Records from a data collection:
- Opening Delimiter -

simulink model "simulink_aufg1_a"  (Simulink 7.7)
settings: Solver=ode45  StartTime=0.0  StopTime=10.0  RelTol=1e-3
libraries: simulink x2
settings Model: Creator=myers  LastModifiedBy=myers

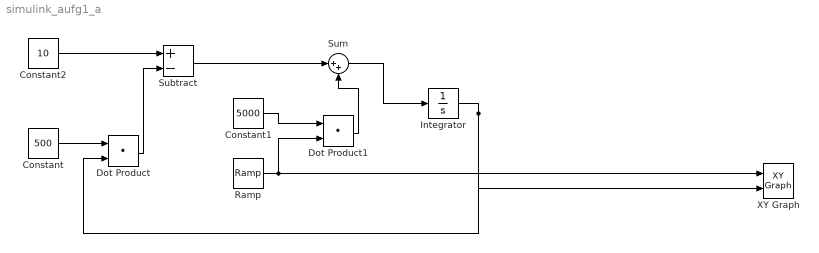
== system simulink_aufg1_a ==
  Constant : Constant  Value=500
  Constant1 : Constant  Value=5000
  Constant2 : Constant  Value=10
  Dot Product : DotProduct  InputSameDT=on  OutDataTypeStr=Inherit: Inherit via internal rule
  Dot Product1 : DotProduct  InputSameDT=on  OutDataTypeStr=Inherit: Inherit via internal rule
  Integrator : Integrator  InitialCondition=1
  Ramp : simulink/Sources/Ramp  SystemSampleTime=-1  slope=1  start=0  X0=0
  Subtract : Sum  Inputs=+-
  Sum : Sum  Inputs=|++
  XY Graph : simulink/Sinks/XY Graph  SystemSampleTime=-1  xmin=0  xmax=0.3  ymin=0  ymax=2.5  st=-1
  wires:
  Constant/1 -> Dot Product/1
  Constant2/1 -> Subtract/1
  Dot Product/1 -> Subtract/2
  Subtract/1 -> Sum/1
  Constant1/1 -> Dot Product1/1
  Sum/1 -> Integrator/1
  Integrator/1 -> Dot Product/2, XY Graph/2
  Ramp/1 -> Dot Product1/2, XY Graph/1
  Dot Product1/1 -> Sum/2

- Closing Delimiter -

▸ **WHAT TO PRODUCE**
Every line above that includes the word "settings" must appear in the answer.

▸ **THE COMPLETED TASK**
settings: Solver=ode45  StartTime=0.0  StopTime=10.0  RelTol=1e-3
settings Model: Creator=myers  LastModifiedBy=myers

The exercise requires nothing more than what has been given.